## Problem
Among the entries below, one line contains "#123=AXIS2_PLACEMENT_3D('',#120,#121,#122);" and another contains "#139=ORIENTED_EDGE('',*,*,#138,.F.);". Transcribe those two lines and every line between them, exactly.

+ + + +

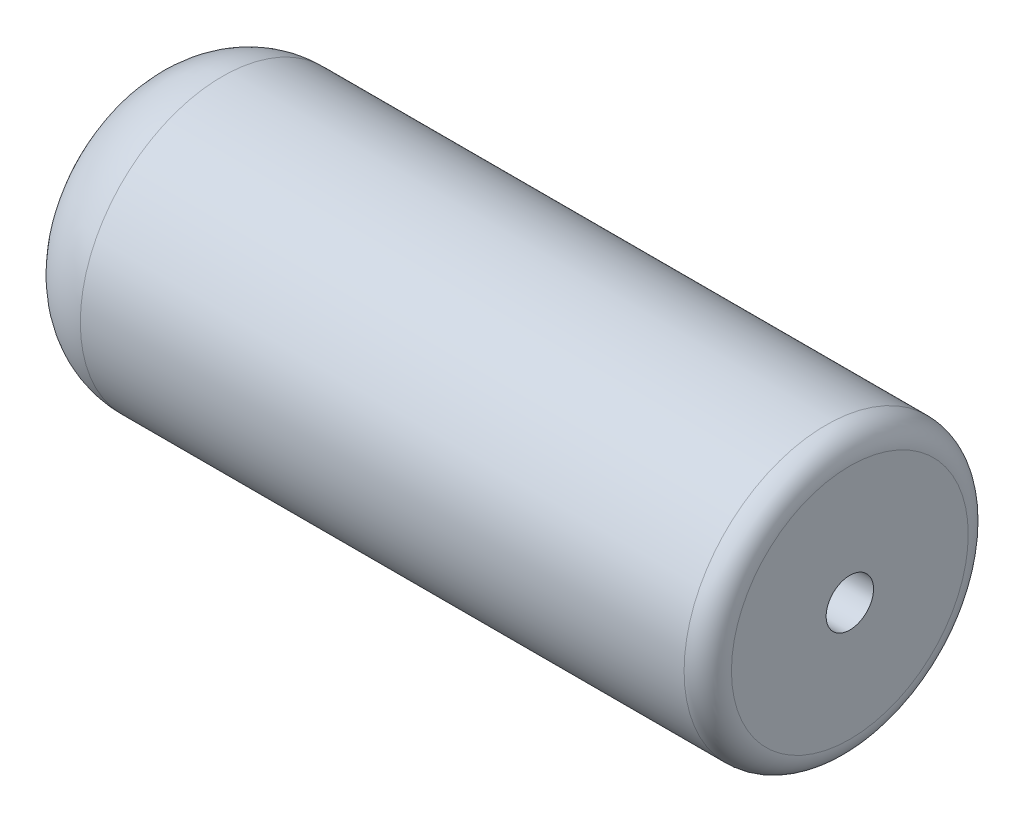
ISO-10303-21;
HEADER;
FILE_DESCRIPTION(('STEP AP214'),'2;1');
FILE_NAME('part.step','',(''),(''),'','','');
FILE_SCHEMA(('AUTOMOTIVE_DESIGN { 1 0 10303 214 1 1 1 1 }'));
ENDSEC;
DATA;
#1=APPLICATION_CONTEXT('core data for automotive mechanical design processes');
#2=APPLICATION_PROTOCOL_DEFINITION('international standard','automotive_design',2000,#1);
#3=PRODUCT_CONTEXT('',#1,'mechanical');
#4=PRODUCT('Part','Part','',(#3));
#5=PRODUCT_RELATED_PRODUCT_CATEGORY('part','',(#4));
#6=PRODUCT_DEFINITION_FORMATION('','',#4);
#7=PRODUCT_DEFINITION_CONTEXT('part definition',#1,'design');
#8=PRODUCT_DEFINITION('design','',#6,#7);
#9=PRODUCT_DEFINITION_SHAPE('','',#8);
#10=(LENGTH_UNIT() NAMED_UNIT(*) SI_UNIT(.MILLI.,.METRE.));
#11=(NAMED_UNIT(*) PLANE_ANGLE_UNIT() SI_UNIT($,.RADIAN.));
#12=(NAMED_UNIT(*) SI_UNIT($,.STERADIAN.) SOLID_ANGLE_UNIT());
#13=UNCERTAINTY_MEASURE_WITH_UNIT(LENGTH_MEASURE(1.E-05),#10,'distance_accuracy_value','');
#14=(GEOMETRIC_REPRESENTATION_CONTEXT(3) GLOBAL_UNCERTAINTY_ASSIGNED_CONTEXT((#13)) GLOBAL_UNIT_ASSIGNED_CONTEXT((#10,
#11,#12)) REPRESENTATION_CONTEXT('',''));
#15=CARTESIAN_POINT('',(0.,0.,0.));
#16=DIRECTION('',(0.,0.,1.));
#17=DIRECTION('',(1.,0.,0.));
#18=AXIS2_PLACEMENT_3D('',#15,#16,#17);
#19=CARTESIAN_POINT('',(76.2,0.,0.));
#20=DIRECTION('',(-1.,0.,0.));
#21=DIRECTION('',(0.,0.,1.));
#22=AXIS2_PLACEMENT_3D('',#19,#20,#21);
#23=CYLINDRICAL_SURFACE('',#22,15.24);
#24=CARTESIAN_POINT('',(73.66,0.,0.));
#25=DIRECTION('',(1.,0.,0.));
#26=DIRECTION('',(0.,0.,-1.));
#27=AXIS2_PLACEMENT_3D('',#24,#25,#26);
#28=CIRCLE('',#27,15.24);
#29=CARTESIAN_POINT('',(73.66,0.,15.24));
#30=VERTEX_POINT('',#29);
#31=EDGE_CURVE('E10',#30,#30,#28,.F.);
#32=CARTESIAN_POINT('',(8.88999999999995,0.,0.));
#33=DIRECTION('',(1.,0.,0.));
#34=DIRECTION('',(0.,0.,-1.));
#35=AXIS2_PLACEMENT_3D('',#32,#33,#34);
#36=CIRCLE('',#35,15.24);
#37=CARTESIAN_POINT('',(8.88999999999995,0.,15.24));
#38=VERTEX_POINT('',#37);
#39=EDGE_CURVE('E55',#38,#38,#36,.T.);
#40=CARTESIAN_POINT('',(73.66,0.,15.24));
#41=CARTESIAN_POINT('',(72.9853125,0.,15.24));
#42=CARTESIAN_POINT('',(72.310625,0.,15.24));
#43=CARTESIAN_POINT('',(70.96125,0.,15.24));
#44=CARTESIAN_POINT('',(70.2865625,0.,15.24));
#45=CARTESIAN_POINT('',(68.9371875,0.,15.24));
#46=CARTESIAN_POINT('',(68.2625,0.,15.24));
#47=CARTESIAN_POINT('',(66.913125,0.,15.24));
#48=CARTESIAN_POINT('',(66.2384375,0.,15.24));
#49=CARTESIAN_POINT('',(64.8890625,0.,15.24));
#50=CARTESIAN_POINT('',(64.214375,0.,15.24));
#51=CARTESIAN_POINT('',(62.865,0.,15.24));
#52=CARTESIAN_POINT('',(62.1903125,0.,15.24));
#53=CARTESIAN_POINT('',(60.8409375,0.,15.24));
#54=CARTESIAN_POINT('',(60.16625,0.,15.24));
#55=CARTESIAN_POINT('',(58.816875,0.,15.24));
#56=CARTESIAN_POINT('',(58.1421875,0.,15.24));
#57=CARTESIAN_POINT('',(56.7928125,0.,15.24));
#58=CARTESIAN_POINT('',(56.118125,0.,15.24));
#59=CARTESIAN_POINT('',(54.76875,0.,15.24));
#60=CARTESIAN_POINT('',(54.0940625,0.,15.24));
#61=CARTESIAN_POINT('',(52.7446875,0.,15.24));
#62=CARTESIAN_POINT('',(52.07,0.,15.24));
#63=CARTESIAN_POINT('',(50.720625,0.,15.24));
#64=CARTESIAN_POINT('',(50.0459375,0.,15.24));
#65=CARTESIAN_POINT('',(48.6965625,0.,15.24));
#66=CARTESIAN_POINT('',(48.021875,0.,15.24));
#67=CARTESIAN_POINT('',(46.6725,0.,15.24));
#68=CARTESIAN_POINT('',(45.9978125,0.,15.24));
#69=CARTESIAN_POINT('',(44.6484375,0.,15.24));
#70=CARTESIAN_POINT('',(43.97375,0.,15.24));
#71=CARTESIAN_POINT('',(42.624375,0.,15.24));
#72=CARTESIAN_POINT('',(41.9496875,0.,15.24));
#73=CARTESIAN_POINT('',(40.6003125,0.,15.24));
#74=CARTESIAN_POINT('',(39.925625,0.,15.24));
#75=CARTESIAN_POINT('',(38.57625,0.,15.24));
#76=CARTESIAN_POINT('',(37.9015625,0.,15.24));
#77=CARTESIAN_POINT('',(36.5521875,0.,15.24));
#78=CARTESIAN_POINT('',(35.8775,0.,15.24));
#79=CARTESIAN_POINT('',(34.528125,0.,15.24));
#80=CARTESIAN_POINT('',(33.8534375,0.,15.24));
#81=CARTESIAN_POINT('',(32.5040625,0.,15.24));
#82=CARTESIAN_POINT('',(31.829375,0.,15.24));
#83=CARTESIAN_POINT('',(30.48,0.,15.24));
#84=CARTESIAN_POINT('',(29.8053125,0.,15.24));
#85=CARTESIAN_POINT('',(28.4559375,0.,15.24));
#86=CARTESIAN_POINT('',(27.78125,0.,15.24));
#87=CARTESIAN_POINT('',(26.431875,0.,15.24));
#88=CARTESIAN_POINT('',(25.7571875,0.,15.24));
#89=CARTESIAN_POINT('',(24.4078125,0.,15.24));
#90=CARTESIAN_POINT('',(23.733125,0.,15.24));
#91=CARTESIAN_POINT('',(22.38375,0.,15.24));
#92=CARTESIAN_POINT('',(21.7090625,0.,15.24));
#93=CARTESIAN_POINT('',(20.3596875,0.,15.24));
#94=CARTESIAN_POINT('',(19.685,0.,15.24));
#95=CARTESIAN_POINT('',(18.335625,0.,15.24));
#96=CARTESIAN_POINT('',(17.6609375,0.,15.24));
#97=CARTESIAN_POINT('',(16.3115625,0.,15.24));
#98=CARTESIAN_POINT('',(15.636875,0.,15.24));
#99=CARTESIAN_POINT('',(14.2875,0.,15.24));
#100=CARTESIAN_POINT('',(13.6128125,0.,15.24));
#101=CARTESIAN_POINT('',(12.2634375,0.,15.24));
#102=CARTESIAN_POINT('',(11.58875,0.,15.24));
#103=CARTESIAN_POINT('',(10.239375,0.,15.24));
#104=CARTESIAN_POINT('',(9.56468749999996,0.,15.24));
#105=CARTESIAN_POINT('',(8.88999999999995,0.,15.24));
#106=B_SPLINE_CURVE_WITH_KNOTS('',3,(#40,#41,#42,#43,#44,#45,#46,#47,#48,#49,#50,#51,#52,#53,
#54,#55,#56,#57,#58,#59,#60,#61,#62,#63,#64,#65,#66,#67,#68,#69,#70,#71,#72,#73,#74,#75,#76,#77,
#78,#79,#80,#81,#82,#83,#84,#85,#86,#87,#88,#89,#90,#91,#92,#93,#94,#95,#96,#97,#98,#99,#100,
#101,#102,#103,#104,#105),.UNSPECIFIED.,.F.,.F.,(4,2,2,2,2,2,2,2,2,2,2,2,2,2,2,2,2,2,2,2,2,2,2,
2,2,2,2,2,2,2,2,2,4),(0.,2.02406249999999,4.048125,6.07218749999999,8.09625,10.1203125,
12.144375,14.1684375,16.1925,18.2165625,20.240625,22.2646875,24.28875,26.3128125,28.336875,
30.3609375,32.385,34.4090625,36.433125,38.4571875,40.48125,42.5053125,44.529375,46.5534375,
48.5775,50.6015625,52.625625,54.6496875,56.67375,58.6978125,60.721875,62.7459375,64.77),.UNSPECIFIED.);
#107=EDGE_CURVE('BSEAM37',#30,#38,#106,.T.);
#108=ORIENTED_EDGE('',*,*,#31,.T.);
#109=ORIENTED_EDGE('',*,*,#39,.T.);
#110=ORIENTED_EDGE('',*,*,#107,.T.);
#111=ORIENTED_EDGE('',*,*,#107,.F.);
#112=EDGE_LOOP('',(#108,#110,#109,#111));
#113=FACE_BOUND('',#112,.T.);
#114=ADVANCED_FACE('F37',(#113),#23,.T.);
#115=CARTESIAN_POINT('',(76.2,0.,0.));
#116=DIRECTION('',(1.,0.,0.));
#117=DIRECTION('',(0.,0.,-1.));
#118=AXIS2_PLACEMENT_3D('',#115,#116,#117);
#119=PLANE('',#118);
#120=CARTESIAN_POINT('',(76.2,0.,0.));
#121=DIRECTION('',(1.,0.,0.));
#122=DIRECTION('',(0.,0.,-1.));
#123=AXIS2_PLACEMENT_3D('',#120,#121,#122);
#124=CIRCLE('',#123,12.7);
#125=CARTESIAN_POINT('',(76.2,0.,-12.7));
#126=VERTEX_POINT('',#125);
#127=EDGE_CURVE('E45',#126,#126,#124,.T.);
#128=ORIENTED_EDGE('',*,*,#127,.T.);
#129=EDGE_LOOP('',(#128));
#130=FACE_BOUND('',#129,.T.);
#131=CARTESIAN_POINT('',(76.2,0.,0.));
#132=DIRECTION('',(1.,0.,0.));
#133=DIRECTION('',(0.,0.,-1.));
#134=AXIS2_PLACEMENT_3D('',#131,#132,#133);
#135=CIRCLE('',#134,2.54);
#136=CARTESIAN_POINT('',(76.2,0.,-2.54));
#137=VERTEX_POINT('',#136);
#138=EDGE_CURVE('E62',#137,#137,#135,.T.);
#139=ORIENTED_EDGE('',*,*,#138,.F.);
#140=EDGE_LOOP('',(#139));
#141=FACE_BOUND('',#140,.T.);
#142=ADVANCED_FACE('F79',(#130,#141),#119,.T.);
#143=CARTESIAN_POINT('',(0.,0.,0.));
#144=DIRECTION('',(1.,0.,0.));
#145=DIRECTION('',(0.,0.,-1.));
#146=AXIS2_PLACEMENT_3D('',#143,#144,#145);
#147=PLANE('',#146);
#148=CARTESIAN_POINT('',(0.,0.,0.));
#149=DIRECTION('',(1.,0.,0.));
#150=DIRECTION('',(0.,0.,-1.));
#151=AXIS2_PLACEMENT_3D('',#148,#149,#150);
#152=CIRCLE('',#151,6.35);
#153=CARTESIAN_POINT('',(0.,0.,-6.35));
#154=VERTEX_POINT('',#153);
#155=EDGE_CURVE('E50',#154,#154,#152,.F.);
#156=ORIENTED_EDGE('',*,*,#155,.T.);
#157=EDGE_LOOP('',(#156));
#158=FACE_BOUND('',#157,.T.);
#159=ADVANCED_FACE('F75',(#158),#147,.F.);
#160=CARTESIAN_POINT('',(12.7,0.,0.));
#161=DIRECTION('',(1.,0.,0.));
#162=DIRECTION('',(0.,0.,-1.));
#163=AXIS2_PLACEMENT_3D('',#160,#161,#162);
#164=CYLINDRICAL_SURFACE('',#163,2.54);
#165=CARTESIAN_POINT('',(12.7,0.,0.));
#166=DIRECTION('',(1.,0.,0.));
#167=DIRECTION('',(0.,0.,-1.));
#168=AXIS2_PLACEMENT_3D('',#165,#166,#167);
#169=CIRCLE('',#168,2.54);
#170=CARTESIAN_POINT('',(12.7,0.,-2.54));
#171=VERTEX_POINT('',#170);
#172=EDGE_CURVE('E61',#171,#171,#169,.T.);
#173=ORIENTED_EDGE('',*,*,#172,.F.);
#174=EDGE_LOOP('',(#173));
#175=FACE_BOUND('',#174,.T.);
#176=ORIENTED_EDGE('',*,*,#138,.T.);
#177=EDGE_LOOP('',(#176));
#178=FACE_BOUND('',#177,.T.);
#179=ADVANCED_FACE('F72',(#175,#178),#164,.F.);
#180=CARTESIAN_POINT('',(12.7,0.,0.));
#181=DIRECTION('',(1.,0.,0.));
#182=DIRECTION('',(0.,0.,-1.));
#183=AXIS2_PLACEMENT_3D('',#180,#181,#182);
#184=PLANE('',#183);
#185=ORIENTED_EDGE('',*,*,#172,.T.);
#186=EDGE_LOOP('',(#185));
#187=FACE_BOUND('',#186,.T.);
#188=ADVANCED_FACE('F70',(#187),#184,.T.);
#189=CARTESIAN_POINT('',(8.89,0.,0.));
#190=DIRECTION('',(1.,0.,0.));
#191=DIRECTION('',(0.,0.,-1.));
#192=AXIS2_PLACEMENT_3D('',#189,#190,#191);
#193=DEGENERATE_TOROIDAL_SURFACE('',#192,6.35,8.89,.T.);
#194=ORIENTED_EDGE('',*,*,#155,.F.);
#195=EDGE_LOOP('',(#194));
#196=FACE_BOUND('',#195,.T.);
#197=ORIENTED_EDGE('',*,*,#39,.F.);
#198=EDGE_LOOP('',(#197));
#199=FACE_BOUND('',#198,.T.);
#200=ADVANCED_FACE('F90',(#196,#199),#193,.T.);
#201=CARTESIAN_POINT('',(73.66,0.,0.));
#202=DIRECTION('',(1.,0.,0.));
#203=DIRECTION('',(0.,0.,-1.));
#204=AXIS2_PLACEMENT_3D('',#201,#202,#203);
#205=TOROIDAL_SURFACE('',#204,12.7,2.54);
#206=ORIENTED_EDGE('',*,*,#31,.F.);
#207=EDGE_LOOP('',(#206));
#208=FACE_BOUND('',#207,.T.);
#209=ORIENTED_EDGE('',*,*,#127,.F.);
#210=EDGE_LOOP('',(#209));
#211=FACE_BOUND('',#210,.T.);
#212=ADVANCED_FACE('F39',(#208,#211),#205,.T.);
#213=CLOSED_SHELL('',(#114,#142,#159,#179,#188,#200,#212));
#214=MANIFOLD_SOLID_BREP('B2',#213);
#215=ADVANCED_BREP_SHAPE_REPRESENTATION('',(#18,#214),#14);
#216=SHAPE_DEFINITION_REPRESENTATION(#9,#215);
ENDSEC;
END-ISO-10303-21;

+ + + +

## Result
#123=AXIS2_PLACEMENT_3D('',#120,#121,#122);
#124=CIRCLE('',#123,12.7);
#125=CARTESIAN_POINT('',(76.2,0.,-12.7));
#126=VERTEX_POINT('',#125);
#127=EDGE_CURVE('E45',#126,#126,#124,.T.);
#128=ORIENTED_EDGE('',*,*,#127,.T.);
#129=EDGE_LOOP('',(#128));
#130=FACE_BOUND('',#129,.T.);
#131=CARTESIAN_POINT('',(76.2,0.,0.));
#132=DIRECTION('',(1.,0.,0.));
#133=DIRECTION('',(0.,0.,-1.));
#134=AXIS2_PLACEMENT_3D('',#131,#132,#133);
#135=CIRCLE('',#134,2.54);
#136=CARTESIAN_POINT('',(76.2,0.,-2.54));
#137=VERTEX_POINT('',#136);
#138=EDGE_CURVE('E62',#137,#137,#135,.T.);
#139=ORIENTED_EDGE('',*,*,#138,.F.);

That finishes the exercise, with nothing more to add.